Create the folder first:
mkdir -p docs/plans/YYYY-MM-DD-<type>-<name>
Document structure:
---
shaping: true
title: [Feature Title]
type: [feat|fix|refactor]
date: YYYY-MM-DD
status: brainstorm
---
# [Feature Title]
## Frame
### Source
> [Verbatim source material — user requests, quotes, messages]
### Problem
[What's broken, what pain exists]
### Outcome
[What success looks like]
## Requirements (R)
| ID | Requirement | Type | Status |
|----|-------------|------|--------|
| R0 | [requirement text] | FR | Core goal |
| R1 | [requirement text] | BR | Must-have |
| R2 | [requirement text] | NFR | Nice-to-have |
## Assumptions
- A1: [assumption] — reasonable default, confirm before implementation
## Open Questions
- Q1: [question] — BLOCKING / non-blocking
## Shapes
### A: [Descriptive Title]
| Part | Mechanism | Flag |
|------|-----------|:----:|
| A1 | [mechanism] | |
| A2 | [mechanism] | ! |
### B: [Descriptive Title]
| Part | Mechanism | Flag |
|------|-----------|:----:|
| B1 | [mechanism] | |
## Fit Check
| Req | Requirement | Status | A | B |
|-----|-------------|--------|---|---|
| R0 | [full text] | Core goal | pass | pass |
| R1 | [full text] | Must-have | pass | fail |
**Notes:**
- B fails R1: [brief explanation]
## Selected Shape
> **Shape [X]: [Title]** selected based on fit check.
**Unresolved:**
- [Any remaining ! flagged unknowns]
- [Suggested spikes if needed]
## Open Questions
- [Question 1]
## Next Steps
Run `/workflows-plan` to create spec.md and prd.json in this folder.
Phase 8: Handoff
Use structured user-question tool to present next steps:
Question: "Brainstorm captured at docs/plans/YYYY-MM-DD-<type>-<name>/brainstorm.md. What would you like to do next?"
Options:
- Proceed to planning - Run
/workflows-plan (will auto-detect this brainstorm)

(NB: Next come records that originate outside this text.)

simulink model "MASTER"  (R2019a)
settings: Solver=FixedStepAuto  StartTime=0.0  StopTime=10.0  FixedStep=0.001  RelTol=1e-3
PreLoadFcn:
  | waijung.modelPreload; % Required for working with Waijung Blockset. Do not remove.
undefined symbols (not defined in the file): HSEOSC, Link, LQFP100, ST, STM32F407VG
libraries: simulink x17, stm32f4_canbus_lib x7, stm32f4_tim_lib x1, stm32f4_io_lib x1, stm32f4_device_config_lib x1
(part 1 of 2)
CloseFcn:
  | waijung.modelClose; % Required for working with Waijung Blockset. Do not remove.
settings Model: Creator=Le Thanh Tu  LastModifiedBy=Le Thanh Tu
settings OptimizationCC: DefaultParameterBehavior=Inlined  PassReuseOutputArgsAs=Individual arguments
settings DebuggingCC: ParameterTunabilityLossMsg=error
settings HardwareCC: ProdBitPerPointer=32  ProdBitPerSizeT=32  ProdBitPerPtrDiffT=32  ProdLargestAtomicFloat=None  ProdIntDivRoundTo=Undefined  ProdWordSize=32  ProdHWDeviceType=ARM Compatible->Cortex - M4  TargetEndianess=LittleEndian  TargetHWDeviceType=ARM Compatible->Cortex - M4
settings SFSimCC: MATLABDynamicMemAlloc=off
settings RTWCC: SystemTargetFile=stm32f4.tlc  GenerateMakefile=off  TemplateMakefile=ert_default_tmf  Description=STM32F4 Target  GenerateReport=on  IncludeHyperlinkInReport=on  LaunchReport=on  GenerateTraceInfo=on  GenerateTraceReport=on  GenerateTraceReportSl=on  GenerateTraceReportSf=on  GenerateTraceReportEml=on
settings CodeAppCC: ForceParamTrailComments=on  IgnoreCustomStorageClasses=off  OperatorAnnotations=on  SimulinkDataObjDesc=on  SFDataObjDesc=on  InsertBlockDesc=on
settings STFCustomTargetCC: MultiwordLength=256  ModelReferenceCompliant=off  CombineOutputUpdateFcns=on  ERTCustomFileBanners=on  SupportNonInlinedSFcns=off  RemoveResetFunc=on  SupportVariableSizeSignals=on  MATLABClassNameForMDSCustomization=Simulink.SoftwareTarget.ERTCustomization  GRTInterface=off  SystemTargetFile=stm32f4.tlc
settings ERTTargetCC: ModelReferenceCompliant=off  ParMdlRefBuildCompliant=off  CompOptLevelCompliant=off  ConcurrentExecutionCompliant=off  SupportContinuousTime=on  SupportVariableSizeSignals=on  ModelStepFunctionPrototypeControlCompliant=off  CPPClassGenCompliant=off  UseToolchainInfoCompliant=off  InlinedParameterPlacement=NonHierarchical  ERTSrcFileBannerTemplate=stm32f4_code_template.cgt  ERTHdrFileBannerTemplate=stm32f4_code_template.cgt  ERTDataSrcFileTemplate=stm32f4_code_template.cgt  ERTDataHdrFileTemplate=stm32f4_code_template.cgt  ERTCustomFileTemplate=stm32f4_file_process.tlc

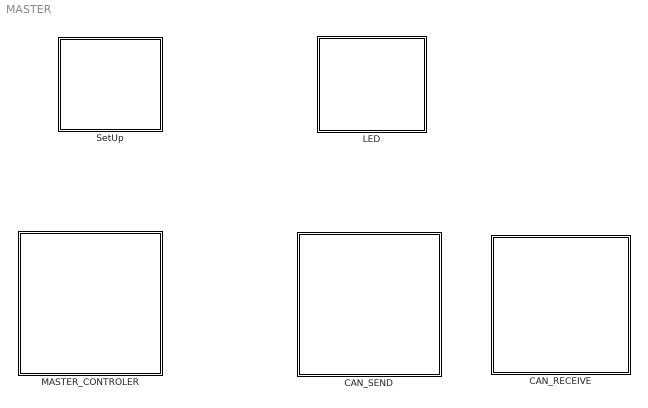
== system MASTER ==
  CAN_RECEIVE : Subsystem
  CAN_SEND : Subsystem
  LED : Subsystem
  MASTER_CONTROLER : Subsystem
  SetUp : Subsystem

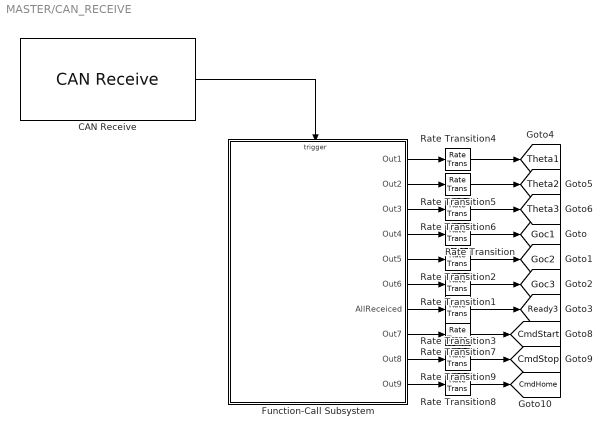
== system MASTER/CAN_RECEIVE ==
  CAN Receive : stm32f4_canbus_lib/CAN Receive  conf=Rx  canmodule=1  idtype=Standard  filtertype=Mask  id=0  idmask=0  enableisr=on  usedlc=off  datatype=single  data0type=uint32  data1type=uint32  data2type=Not used  data3type=Not used  data4type=Not used  data5type=Not used  data6type=Not used  data7type=Not used  buffersize=8  sampletime=-1  sampletimestr=-1  blockid=CAN_RECEIVECANReceive  inputarray=[]  inputlabelarray={}  outputarray=[7]  outputlabelarray={'Call ISR' }  compat=0  confstr="[\"Standard\",\"Mask\",\"0\",\"0\",\"off\",\"uint32\",\"uint32\",\"Not used\",\"Not used\",\"Not used\",\"Not used\",\"Not used\",\"Not used\",\"8\",\"0\",\"0\",\"0\",\"4\"]"
      settings: SourceProductName=Waijung Blockset
  Function-Call Subsystem : Subsystem  TreatAsAtomicUnit=on
  Rate Transition{,1..9} (10 alike) : RateTransition  Deterministic=off
  tag scope: CmdHome=global, CmdStart=global, CmdStop=global, Goc1=global, Goc2=global, Goc3=global, Ready3=global, Theta1=global, Theta2=global, Theta3=global
  wires:
  Function-Call Subsystem/7(AllReceiced) -> Rate Transition3/1
  Rate Transition2/1 -> [Goc2]
  Function-Call Subsystem/8(Out7) -> Rate Transition7/1
  Rate Transition1/1 -> [Goc3]
  CAN Receive/1 -> Function-Call Subsystem/Trigger
  Rate Transition/1 -> [Goc1]
  Rate Transition9/1 -> [CmdStop]
  Function-Call Subsystem/10(Out9) -> Rate Transition8/1
  Function-Call Subsystem/3(Out3) -> Rate Transition6/1
  Function-Call Subsystem/2(Out2) -> Rate Transition5/1
  Function-Call Subsystem/4(Out4) -> Rate Transition/1
  Rate Transition7/1 -> [CmdStart]
  Function-Call Subsystem/6(Out6) -> Rate Transition1/1
  Rate Transition6/1 -> [Theta3]
  Rate Transition3/1 -> [Ready3]
  Function-Call Subsystem/9(Out8) -> Rate Transition9/1
  Function-Call Subsystem/5(Out5) -> Rate Transition2/1
  Rate Transition8/1 -> [CmdHome]
  Rate Transition4/1 -> [Theta1]
  Rate Transition5/1 -> [Theta2]
  Function-Call Subsystem/1(Out1) -> Rate Transition4/1

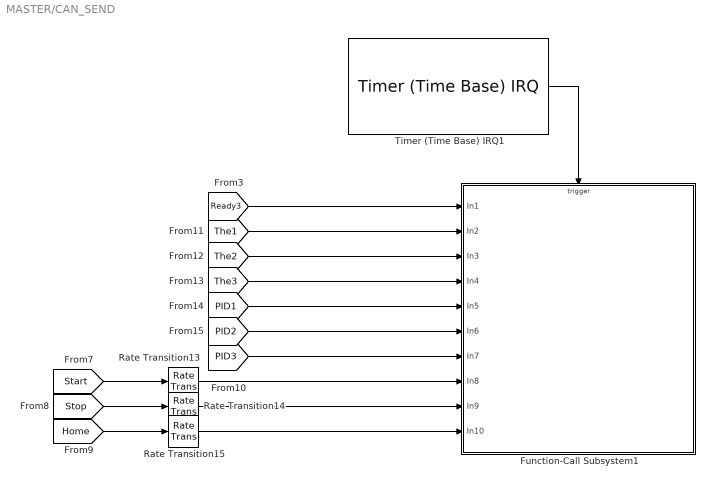
== system MASTER/CAN_SEND ==
  Function-Call Subsystem1 : Subsystem  TreatAsAtomicUnit=on
  Rate Transition13 : RateTransition  Deterministic=off
  Rate Transition14 : RateTransition  Deterministic=off
  Rate Transition15 : RateTransition  Deterministic=off
  Timer (Time Base) IRQ1 : stm32f4_tim_lib/Timer (Time Base) IRQ  configmode=Advance  timer=10  nvicprioritygroup=4  irqpreemptionpriority_g0=0  irqpreemptionpriority_g1=0  irqpreemptionpriority_g2=0  irqpreemptionpriority_g3=4  irqpreemptionpriority_g4=0  irqpreemptionpriority=0  irqsubpriority_g0=0  irqsubpriority_g1=0  irqsubpriority_g2=0  irqsubpriority_g3=0  irqsubpriority_g4=0  irqsubpriority=0  sampletime=0.01  autoreload=64614  prescaler=25  blockid=CAN_SENDTimerTimeBaseIRQ1
      settings: SourceProductName=Waijung Blockset
  wires:
  [The3] -> Function-Call Subsystem1/4(In4)
  [PID1] -> Function-Call Subsystem1/5(In5)
  Rate Transition14/1 -> Function-Call Subsystem1/9(In9)
  [Start] -> Rate Transition13/1
  [The1] -> Function-Call Subsystem1/2(In2)
  Rate Transition13/1 -> Function-Call Subsystem1/8(In8)
  [PID3] -> Function-Call Subsystem1/7(In7)
  [The2] -> Function-Call Subsystem1/3(In3)
  [Ready3] -> Function-Call Subsystem1/1(In1)
  [PID2] -> Function-Call Subsystem1/6(In6)
  Rate Transition15/1 -> Function-Call Subsystem1/10(In10)
  Timer (Time Base) IRQ1/1 -> Function-Call Subsystem1/Trigger
  [Home] -> Rate Transition15/1
  [Stop] -> Rate Transition14/1

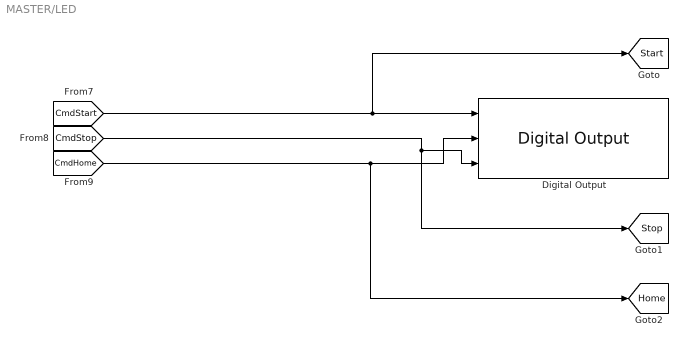
== system MASTER/LED ==
  Digital Output : stm32f4_io_lib/Digital Output  use_bitband=on  port=D  speed=100  porttype=Push Pull  porttypestr=PP  use_pin0=off  use_pin1=off  use_pin2=off  use_pin3=off  use_pin4=off  use_pin5=off  use_pin6=off  use_pin7=off  use_pin8=off  use_pin9=off  use_pin10=off  use_pin11=off  use_pin12=off  use_pin13=on  use_pin14=on  use_pin15=on  pinstr=GPIO_Pin_13 | GPIO_Pin_14 | GPIO_Pin_15  usedpinarray="[0  0  0  0  0  0  0  0  0  0  0  0  0  1  1  1]"  bitbandingstr=|  sampletime=-1  sampletimestr=-1  blockid=LEDDigitalOutput  enablecustomportlabel=off  globalinit=on  cinputportlabel=In1, In2  coutputportlabel=0
      | #define LEDDigitalOutput_D13 Peripheral_BB(GPIOD->ODR, 13)  /* Output pin */
      | #define LEDDigitalOutput_D14 Peripheral_BB(GPIOD->ODR, 14)  /* Output pin */
      | #define LEDDigitalOutput_D15 Peripheral_BB(GPIOD->ODR, 15)  /* Output pin */
      settings: SourceProductName=Waijung Blockset
  tag scope: Home=global, Start=global, Stop=global
  wires:
  [CmdStart] -> [Start], Digital Output/1
  [CmdStop] -> Digital Output/3, [Stop]
  [CmdHome] -> [Home], Digital Output/2

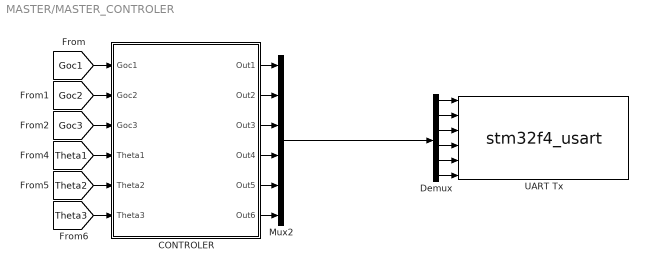
== system MASTER/MASTER_CONTROLER ==
  CONTROLER : Subsystem
  Demux : Demux  Outputs=6
  Mux2 : Mux  Inputs=6
  UART Tx : S-Function  Priority=1  FunctionName=stm32f4_usart  Parameters=configuration,uartmodule,transfer,baudrate,inputtype,outputtype,confstr,binheaderarray,binterminatorarray,asciiheader,asciiterminator,bindatalength,packetmode,varname,sampletime,sampletimestr,blockid  SFunctionDeploymentMode=off  EnableBusSupport=off  mask(stm32f4_usart){configuration=Tx, uartmodule=2, baudrate=115200, databits=8, parity=No, stopbit=1, remaptxpin=Not used, remaprxpin=Not used, flowcontrol=None, remapctspin=Not used, remaprtspin=Not used, advanceoptions=off, rxbuffersize=512, txbuffersize=512, transfer=Blocking, packetmode=Ascii, binheader='7E 7E', binterminator='03 03', porttype_double=1, porttype_single=0, porttype_int8=1, porttype_uint8=0, porttype_int16=0, porttype_uint16=0, porttype_int32=0, porttype_uint32=0, asciiformat='%f, %f, %f, %f, %f, %f', rx_asciiterminator=CRLF (0x0D 0x0A - "\r\n"), tx_asciiterminator=CRLF (0x0D 0x0A - "\r\n"), storagename=<empty>, varname=, inputtype=[6  1 1 1 1 1 1], outputtype=[0], binheaderarray=[0], binterminatorarray=[0], bindatalength=0, asciiheader='%f, %f, %f, %f, %f, %f\r\n', asciiterminator=[2 13 10], sampletime=0.01, sampletimestr=-1, blockid=MASTER_CONTROLERUARTTx, confstr=[ "dummy", "0", "*", "*", "0", "*", "*", "0", "*", "*", "0", "*", "*", "1", "4", "6", "1", "4", "5", "512", "512", "1", "2", "115200", "8", "No", "1", "None", "USART2"], lastmodule=1}
      mask prompts: uartmodule "UART Module"; baudrate "Baud rate (bps)"; databits "Data bits"; stopbit "Stop bit"; remaptxpin "Tx Pin"; remaprxpin "Rx Pin"; flowcontrol "Hardware flow control"; remapctspin "HW Flow control, CTS Pin"; remaprtspin "HW Flow control, RTS Pin"; advanceoptions "Advance options"; rxbuffersize "Rx buffer size (bytes)"; txbuffersize "Tx buffer size (bytes)"; packetmode "Packet mode"; binheader "Binary header (example: '7E 7E')"; binterminator "Binary terminator (example: '03 03')"; porttype_double "Number of data port, type DOUBLE"; porttype_single "Number of data port, type SINGLE"; porttype_int8 "Number of data port, type INT8"; porttype_uint8 "Number of data port, type UINT8"; porttype_int16 "Number of data port, type INT16"; porttype_uint16 "Number of data port, type UINT16"; porttype_int32 "Number of data port, type INT32"; porttype_uint32 "Number of data port, type UINT32"; asciiformat "Ascii format"; rx_asciiterminator "End of packet"; tx_asciiterminator "End of packet"; storagename "Buffer"; varname "Var name"; inputtype "Input data type"; outputtype "Output data type"; binheaderarray "Binary header"; binterminatorarray "Binary terminator"; bindatalength "Binary data length"; asciiheader "Ascii header (printf format)"; asciiterminator "Ascii terminator"; sampletime "Sample time (sec)"; sampletimestr "Compiled sample time (sec) in string"; confstr "Configuration string"; lastmodule "Last module selected"
      mask help:
      | Data type for Ascii format
      | %u, %i, %d, %o, %x: uint32
      | %e, %g, %f: single
      | %c: int8
      mask init:
      | stm32f4_usart_callback('init');
      mask Help: web(fullfile(waijungdocroot,'stm32f4_usart_tx.htm'), '-browser')
      mask TypeOptions configuration: Setup | Tx | Rx
      mask Callback configuration: stm32f4_usart_callback('configuration');
      mask TypeOptions uartmodule: 1 | 2 | 3 | 4 | 5 | 6
      mask Callback uartmodule: stm32f4_usart_callback('uartmodule');
      mask Callback baudrate: stm32f4_usart_callback('baudrate');
      mask TypeOptions databits: 8
      mask TypeOptions parity: No | Odd | Even
      mask TypeOptions stopbit: 0.5 | 1 | 1.5 | 2
      mask TypeOptions remaptxpin: Not used | A9 | B6
      mask TypeOptions remaprxpin: Not used | A10 | B7
      mask TypeOptions flowcontrol: None | RTS | CTS | RTS/CTS
      mask Callback flowcontrol: stm32f4_usart_callback('flowcontrol');
      mask TypeOptions remapctspin: Not used | A11
      mask TypeOptions remaprtspin: Not used | A12
      mask Callback advanceoptions: stm32f4_usart_callback('advanceoptions');
      mask TypeOptions rxbuffersize: 16 | 32 | 64 | 128 | 256 | 512 | 1024 | 2048
      mask TypeOptions txbuffersize: 16 | 32 | 64 | 128 | 256 | 512 | 1024 | 2048
      mask TypeOptions transfer: Blocking | Non-Blocking
      mask Callback transfer: stm32f4_usart_callback('transfer');
      mask TypeOptions packetmode: Ascii | Binary | Binary Vector | String Buffer | Raw Buffer
      mask Callback packetmode: stm32f4_usart_callback('packetmode');
      mask Callback binheader: stm32f4_usart_callback('binheader');
      mask Callback binterminator: stm32f4_usart_callback('binterminator');
      mask Callback porttype_double: stm32f4_usart_callback('porttype');
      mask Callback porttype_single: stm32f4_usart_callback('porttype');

- Refine design further - Continue shaping
- Done for now - Return later
Output Summary
When complete, display:
Shaping complete!
Folder: docs/plans/YYYY-MM-DD-<type>-<name>/
brainstorm.md <- created (shaping format)
Requirements: [count] Rs defined
Selected shape: [letter]: [title]
Unresolved: [count flagged unknowns or "none"]
Next: Run `/workflows-plan` to create spec.md and prd.json
Important Guidelines
- Stay focused on WHAT, not HOW — Implementation details belong in the plan
- Ask one question at a time — Don't overwhelm
- Apply YAGNI — Prefer simpler approaches
- R states need, S states mechanism — Avoid tautologies
- Parts must be vertical slices — Not horizontal layers
- Show full tables — Never summarize or abbreviate R or S tables
- Mark changes with yellow — When re-rendering tables after changes
- Use the final folder name — Same folder will hold spec.md and prd.json later
NEVER CODE! Just shape and document decisions.